◆ **WHAT TO DO**
Your reply should be a single number, the count of lines in the records that contain "Material".

◆ **PROVIDED RECORDS**
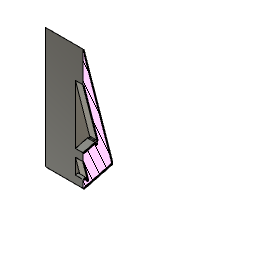
COVID-19 Vaccination Record Card Frame v3 (Autodesk Fusion 360 design; units mm, degrees)
Autodesk Fusion 360 part; units mm, degrees
sketch "Sketch1" plane through (0, 0, 0) normal (0, 0, 1) x (1, 0, 0)
  line L0 (0, 0) -> (101.6, 0)
  line L1 (101.6, 0) -> (101.6, 76.2)
  line L2 (101.6, 76.2) -> (0, 76.2)
  line L3 (0, 76.2) -> (0, 0)
  line L4 (-40, -40) -> (141.6, -40)
  line L5 (141.6, -40) -> (141.6, 116.2)
  line L6 (141.6, 116.2) -> (-40, 116.2)
  line L7 (-40, 116.2) -> (-40, -40)
  line L8 (0, -30) -> (101.6, -30)
  line L9 (101.6, -30) -> (101.6, -10)
  line L10 (101.6, -10) -> (0, -10)
  line L11 (0, -10) -> (0, -30)
  dimension "d1" = 101.6
  dimension "d2" = 76.2
  dimension "frame_margin_height" = 40
  dimension "d7" = 40
  dimension "frame_margin_width" = 40
  dimension "d9" = 40
  dimension "d10" = 20
  dimension "d11" = 10
  constraint horizontal L0
  constraint vertical L1
  constraint horizontal L2
  constraint vertical L3
  constraint coincident L0.start L3.end
  constraint horizontal L4
  constraint vertical L5
  constraint horizontal L6
  constraint vertical L7
  constraint horizontal L8
  constraint vertical L9
  constraint horizontal L10
  constraint vertical L11
  constraint vertical L0.end L9.end
  constraint vertical L0.start L10.end
  measures "d1" distance of L0.start L0.end
  measures "d2" distance of L0.start L2.end
  measures "frame_margin_height" distance of L2 L6
  measures "d7" distance of L0 L4
  measures "frame_margin_width" distance of L3 L7
  measures "d9" distance of L1 L5
  measures "d10" distance of L8 L10
  measures "d11" distance of L0 L10
ref_plane "WorkPlane1" through (-40, 0, 0) normal (1, 0, 0) x (0, 1, 0)
sketch "Sketch8" plane through (-40, 0, 0) normal (1, 0, 0) x (0, 1, 0)
  line L0 (-40, 0) -> (-40, 40)
  line L1 (-40, 0) -> (116.2, 0)
  line L2 (-40, 40) -> (116.2, 0)
  point P0 (116.2, 0)
  point P1 (-40, 0)
  dimension "d18" = 40
  constraint vertical L0
  constraint perpendicular L0 L1
  constraint coincident P0 L1.end
  constraint coincident L0.start L1.start
  measures "d18" distance of L0.start L0.end
extrude "Extrude2" add sketch "Sketch8" along normal up to surface (181.6 mm away)
extrude "Extrude3" cut sketch "Sketch1" along normal up to surface contours L0 L1 L2 L3 | L8 L9 L10 L11 end surface through (-40, -40, 40) normal (0, 0.248077, 0.96874) offset 0
extrude "Extrude4" add 1 faces at (67.7333, 76.2, 3.4144) along direction (0, -1, 0) up to surface (76.2 mm away)
sketch "Sketch10" plane through (0, 0, 0) normal (1, 0, 0) x (0, 1, 0)
  line L0 (0, 10.2433) -> (76.2, 10.2433)
  line L1 (76.2, 10.2433) -> (0, 29.7567)
  line L2 (0, 29.7567) -> (0, 10.2433)
  line L3 (76.2, 10.2433) -> (0, 11.7433)
  line L4 (0, 11.7433) -> (-2.9994, 11.8023)
  line L5 (-2.9994, 11.8023) -> (-2.9699, 13.302)
  line L6 (-2.9699, 13.302) -> (0, 13.2436)
  line L7 (0, 13.2436) -> (0, 11.7433)
  dimension "d25" = 1.5
  dimension "d27" = 3
  dimension "d28" = 1.5
  constraint coincident L0.end L1.start
  constraint coincident L2 L3.end
  constraint parallel L3 L4
  constraint perpendicular L4 L5
  constraint coincident L2 L6.end
  constraint perpendicular L5 L6
  measures "d25" distance of L0.start L3.end
  measures "d27" distance of L3.end L4.end
  measures "d28" distance of L4.end L5.end
extrude "Extrude5" cut sketch "Sketch10" along normal up to surface (101.6 mm away) contours L2 L4 L5 L6 L7
extrude "Extrude6" add 1 faces at (67.7333, -10, 10.7725) along direction (0, -1, 0) up to surface (20 mm away)
sketch "Sketch11" plane through (0, 0, 0) normal (1, 0, 0) x (0, 1, 0)
  line L0 (-30, 32.3175) -> (-10, 32.3175)
  line L1 (-10, 32.3175) -> (-30, 37.4392)
  line L2 (-30, 37.4392) -> (-30, 32.3175)
  line L3 (-30, 32.3175) -> (-35, 32.3175)
  line L4 (-35, 32.3175) -> (-35, 33.8175)
  line L5 (-35, 33.8175) -> (-30, 33.8175)
  line L6 (-30, 32.3175) -> (-30, 33.8175)
  dimension "d33" = 5
  dimension "d34" = 1.5
  constraint horizontal L3
  constraint coincident L0.start L2.end
  constraint perpendicular L3 L4
  constraint coincident L2 L5.end
  constraint perpendicular L2 L5
  measures "d33" distance of L0.start L3.end
  measures "d34" distance of L3.end L4.end
extrude "Extrude7" cut sketch "Sketch11" along normal up to surface (101.6 mm away) contours L2 L3 L4 L5 L6
move_body "Move1" bodies 1 to x (1, 0, 0) y (0, 0, 1) z (0, -1, 0) at (0, 0, 80)
move_body "Move2" bodies 1 to x (1, 0, 0) y (0, 0.968583, 0.24869) z (0, -0.24869, 0.968583) at (0, 8.6909, 11.2043)
equation "d1 = cdc_card_width"
equation "d2 = cdc_card_height"
equation "cdc_card_height = 3 in"
equation "cdc_card_width = 4 in"
equation "cdc_card_thickness = 0.45 mm" comment "Includes allowable tolerance; measurements were between 0.3 and 0.45, depending on stickers"
equation "d7 = frame_margin_height"
equation "d9 = frame_margin_width"
equation "d10 = frame_margin_height / 2"
equation "d11 = frame_margin_height / 4"
named bodies: "Frame"
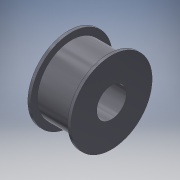
# Autodesk Inventor part: Solder Spool
Saved by Autodesk Inventor 2016 (Build 200138000, 138)
## iProperties
Created: 2017-09-04
Part Number: Solder Spool
Material: SAE 1020
Document SubType Name: Modeling
Designer: Zigunov
Stock Number: 0
Mass: 1729.01 g
Surface Area: 745.421 cm^2
Volume: 219.697 cm^3
Density: 7.87 g/cm^3
Appearance: Steel - Polished
Author: Zigunov
Autodesk Inventor part; units mm, degrees
ref_plane "YZ Plane" through (0, 0, 0) normal (1, 0, 0) x (0, 1, 0)
ref_plane "XZ Plane" through (0, 0, 0) normal (0, 1, 0) x (-1, 0, 0)
ref_plane "XY Plane" through (0, 0, 0) normal (0, 0, 1) x (1, 0, 0)
sketch "Sketch2" plane through (0, 0, 0) normal (0, 0, 1) x (1, 0, 0)
  line L0 (-14.5, 10) -> (14.5, 10)
  line L1 (14.5, 10) -> (14.5, 27.5)
  line L2 (14.5, 27.5) -> (12.5, 27.5)
  line L3 (12.5, 27.5) -> (12.5, 23)
  line L4 (12.5, 23) -> (-12.5, 23)
  line L5 (-12.5, 23) -> (-12.5, 27.5)
  line L6 (-12.5, 27.5) -> (-14.5, 27.5)
  line L7 (-14.5, 27.5) -> (-14.5, 10)
  line L8 (0, 0) -> (-7.6194, 0) construction
  line L9 (0, 0) -> (0, 10) construction
  dimension "d11" = 20
  dimension "d12" = 55
  dimension "d13" = 2
  dimension "d14" = 29
  dimension "d15" = 46
  constraints: 20 end point, 6 perpendicular, 2 horizontal, 2 point on line, 1 collinear, 1 midpoint, 1 vertical
  measures "d11" diameter of L0 L8
  measures "d12" diameter of L6 L8
  measures "d13" distance of L5.end L6.end
  measures "d14" distance between parallel lines of L1 L7
  measures "d15" diameter of L4 L8
revolve "Revolution1" add sketch "Sketch2" angle 360 about axis through (0, 0, 0) along (-1, 0, 0)
body "Solid2"
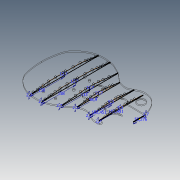
# Autodesk Inventor part: Tampo2
Saved by Autodesk Inventor 2016 (Build 200138000, 138)
## iProperties
Created: 2018-10-29
Part Number: Tampo2
Material: Generic
Document SubType Name: Modeling
Designer: Pedro Mendonça
Density: 1 g/cm^3
Appearance: Default
Author: Pedro Mendonça
Autodesk Inventor part; units mm, degrees
ref_plane "YZ Plane" through (0, 0, 0) normal (1, 0, 0) x (0, 1, 0)
ref_plane "XY Plane" through (0, 0, 0) normal (0, 0, 1) x (1, 0, 0)
sketch "Sketch1" plane through (0, 0, 0) normal (0, 0, 1) x (1, 0, 0)
  circle A0 centre (34.423, -78.21) radius 1
  circle A1 centre (41.5, -294) radius 4.5
  circle A2 centre (-41.5, -294) radius 4.5
  circle A3 centre (-36.7, -267.7941) radius 4.5
  circle A4 centre (36.7, -267.7941) radius 4.5
  line L0 (35, -127.21) -> (-13.5738, -127.21)
  line L1 (33.9001, -190.21) -> (35, -190.21)
  arc A5 (39, -194.21) -> (35, -190.21) centre (35, -194.21) ccw
  line L2 (39, -194.21) -> (39, -196.9778)
  line L3 (41.0589, -199.71) -> (41.5, -199.71)
  arc A6 (43.5, -201.71) -> (41.5, -199.71) centre (41.5, -201.71) ccw
  line L4 (43.5, -201.71) -> (43.5, -202.9495)
  arc A7 (35, -232.21) -> (38.6777, -229.783) centre (35, -228.21) ccw
  line L5 (35, -232.21) -> (-35, -232.21)
  arc A8 (-39, -228.21) -> (-35, -232.21) centre (-35, -228.21) ccw
  line L6 (-39, -228.21) -> (-39, -224.71)
  arc A9 (-39, -224.71) -> (-41, -222.71) centre (-41, -224.71) ccw
  line L7 (-41, -222.71) -> (-41.5, -222.71)
  arc A10 (-43.5, -220.71) -> (-41.5, -222.71) centre (-41.5, -220.71) ccw
  line L8 (-43.5, -220.71) -> (-43.5, -201.71)
  arc A11 (-41.5, -199.71) -> (-43.5, -201.71) centre (-41.5, -201.71) ccw
  line L9 (-41.5, -199.71) -> (-41, -199.71)
  arc A12 (-41, -199.71) -> (-39, -197.71) centre (-41, -197.71) ccw
  line L10 (-39, -197.71) -> (-39, -194.21)
  arc A13 (-35, -190.21) -> (-39, -194.21) centre (-35, -194.21) ccw
  line L11 (-35, -190.21) -> (8.8574, -190.21)
  arc A14 (-55.8091, -71.1619) -> (-75.5317, -78.2219) centre (-70.5, -61.2) ccw
  arc A15 (-39.1003, -93.3353) -> (-39, -92.71) centre (-41, -92.71) ccw
  line L12 (-39, -92.71) -> (-39, -89.21)
  arc A16 (-35, -85.21) -> (-39, -89.21) centre (-35, -89.21) ccw
  line L13 (-35, -85.21) -> (-28.53, -85.21)
  line L14 (-28.53, -85.21) -> (-27.2617, -2.2163)
  spline S0 degree 4 poles (-27.2617, -2.2163) (-43.8413, -5.0737) (-69.2989, -15.2577) (-85.7631, -26.5127) (-99.6977, -40.3072) (-106.7365, -51.5397) (-111.6352, -63.1761) (-114.1418, -74.0378) (-115.9364, -86.2479) (-114.7925, -100.8201) (-111.1925, -111.3398) (-104.9533, -123.6353) (-99.2411, -132.3298) (-94.3304, -141.7669) (-90.7434, -152.656) (-92.8358, -167.4735) (-95.3552, -177.4658) (-100.5222, -191.8137) (-106.2015, -200.3968) (-115.9364, -209.2361) (-126.4423, -222.6445) (-135, -233.5666) (-138.9752, -242.9989) (-144.1012, -253.4714) (-148.4765, -261.546) (-152.3095, -270.0787) (-155.7121, -278.8181) (-157.4845, -291.3466) (-158.9541, -299.1238) (-160.7041, -310.0555) (-161.3959, -321.0408) (-160.2622, -336.1037) (-159.5472, -351.6393) (-155.7121, -363.9428) (-152.044, -373.8933) (-146.9896, -384.4071) (-140.8913, -395.5086) (-132.7759, -406.8471) (-124.2149, -416.631) (-110.5874, -430.5207) (-101.5897, -436.4609) (-90.9559, -441.7244) (-72.5, -447.3805) (-55.0288, -449.8264) (-39.9161, -452.9713) (-21.0472, -455.5046) (0, -455) knots 1.260865 1.260865 1.260865 1.260865 1.260865 2 2.830975 3 3.639707 4 5 5.266438 6 6.852799 7 7.750355 8 8.949877 9 10 10.263862 11 11.607775 12 12.940348 13 13.693379 14 14.438323 15 15.641425 16 16.183585 17 18 19 19.17802 19.513385 20 20.856717 21 21.323358 21.522075 21.533515 21.674547 21.764236 21.807897 22 22 22 22 22
  spline S1 degree 4 poles (0, -455) (21.0472, -455.5046) (39.9161, -452.9713) (55.0288, -449.8264) (72.5, -447.3805) (90.9559, -441.7244) (101.5897, -436.4609) (110.5874, -430.5207) (124.2149, -416.631) (132.7759, -406.8471) (140.8913, -395.5086) (146.9896, -384.4071) (152.044, -373.8933) (155.7121, -363.9428) (159.5472, -351.6393) (160.2622, -336.1037) (161.3959, -321.0408) (160.7041, -310.0555) (158.9541, -299.1238) (157.4845, -291.3466) (155.7121, -278.8181) (152.3095, -270.0787) (148.4765, -261.546) (144.1012, -253.4714) (138.9752, -242.9989) (135, -233.5666) (126.4423, -222.6445) (115.9364, -209.2361) (106.2015, -200.3968) (100.5222, -191.8137) (95.3552, -177.4658) (92.8358, -167.4735) (90.7434, -152.656) (94.3304, -141.7669) (99.2411, -132.3298) (104.9533, -123.6353) (111.1925, -111.3398) (114.7925, -100.8201) (115.7876, -88.1434) (114.9001, -79.7366) (114.1554, -75.2406) (113.4907, -72.1039) knots 1 1 1 1 1 1.192103 1.235764 1.325453 1.466485 1.477925 1.676642 2 2.143283 3 3.486615 3.82198 4 5 6 6.816415 7 7.358575 8 8.561677 9 9.306621 10 10.059652 11 11.392225 12 12.736138 13 14 14.050123 15 15.249645 16 16.147201 17 17.733562 18 18.628908 18.628908 18.628908 18.628908 18.628908
  arc A17 (113.4907, -72.1039) -> (102.4514, -70.3024) centre (107.621, -73.3478) ccw
  arc A18 (28.0139, -51.4408) -> (102.4514, -70.3024) centre (67.9874, -50) ccw
  line L15 (28.0139, -51.4408) -> (28.53, -85.21)
  line L16 (28.53, -85.21) -> (35, -85.21)
  arc A19 (39, -89.21) -> (35, -85.21) centre (35, -89.21) ccw
  line L17 (39, -89.21) -> (39, -92.71)
  arc A20 (39, -92.71) -> (41, -94.71) centre (41, -92.71) ccw
  line L18 (41, -94.71) -> (41.5, -94.71)
  arc A21 (43.5, -96.71) -> (41.5, -94.71) centre (41.5, -96.71) ccw
  line L19 (43.5, -96.71) -> (43.5, -115.71)
  arc A22 (41.5, -117.71) -> (43.5, -115.71) centre (41.5, -115.71) ccw
  line L20 (41.5, -117.71) -> (41, -117.71)
  arc A23 (41, -117.71) -> (39, -119.71) centre (41, -119.71) ccw
  line L21 (39, -119.71) -> (39, -123.21)
  arc A24 (35, -127.21) -> (39, -123.21) centre (35, -123.21) ccw
  line L22 (-39, -123.21) -> (-39, -119.71)
  arc A25 (-39, -123.21) -> (-35, -127.21) centre (-35, -123.21) ccw
  line L23 (35, -127.21) -> (-35, -127.21)
  arc A26 (35, -127.21) -> (39, -123.21) centre (35, -123.21) ccw
  line L24 (39, -119.71) -> (39, -123.21)
  arc A27 (41, -117.71) -> (39, -119.71) centre (41, -119.71) ccw
  line L25 (41.5, -117.71) -> (41, -117.71)
  arc A28 (41.5, -117.71) -> (43.5, -115.71) centre (41.5, -115.71) ccw
  line L26 (43.5, -96.71) -> (43.5, -115.71)
  arc A29 (43.5, -96.71) -> (41.5, -94.71) centre (41.5, -96.71) ccw
  line L27 (41, -94.71) -> (41.5, -94.71)
  arc A30 (39, -92.71) -> (41, -94.71) centre (41, -92.71) ccw
  line L28 (39, -89.21) -> (39, -92.71)
  arc A31 (39, -89.21) -> (35, -85.21) centre (35, -89.21) ccw
  arc A32 (-35, -85.21) -> (-39, -89.21) centre (-35, -89.21) ccw
  line L29 (-39, -92.71) -> (-39, -89.21)
  arc A33 (-41, -94.71) -> (-39, -92.71) centre (-41, -92.71) ccw
  line L30 (-41.5, -94.71) -> (-41, -94.71)
  arc A34 (-41.5, -94.71) -> (-43.5, -96.71) centre (-41.5, -96.71) ccw
  line L31 (-43.5, -115.71) -> (-43.5, -96.71)
  arc A35 (-43.5, -115.71) -> (-41.5, -117.71) centre (-41.5, -115.71) ccw
  line L32 (-41, -117.71) -> (-41.5, -117.71)
  arc A36 (-39, -119.71) -> (-41, -117.71) centre (-41, -119.71) ccw
  line L33 (-39, -228.21) -> (-39, -224.71)
  arc A37 (-39, -228.21) -> (-35, -232.21) centre (-35, -228.21) ccw
  line L34 (35, -232.21) -> (-35, -232.21)
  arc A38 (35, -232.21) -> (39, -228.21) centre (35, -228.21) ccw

◆ **EXERCISE RESULT**
2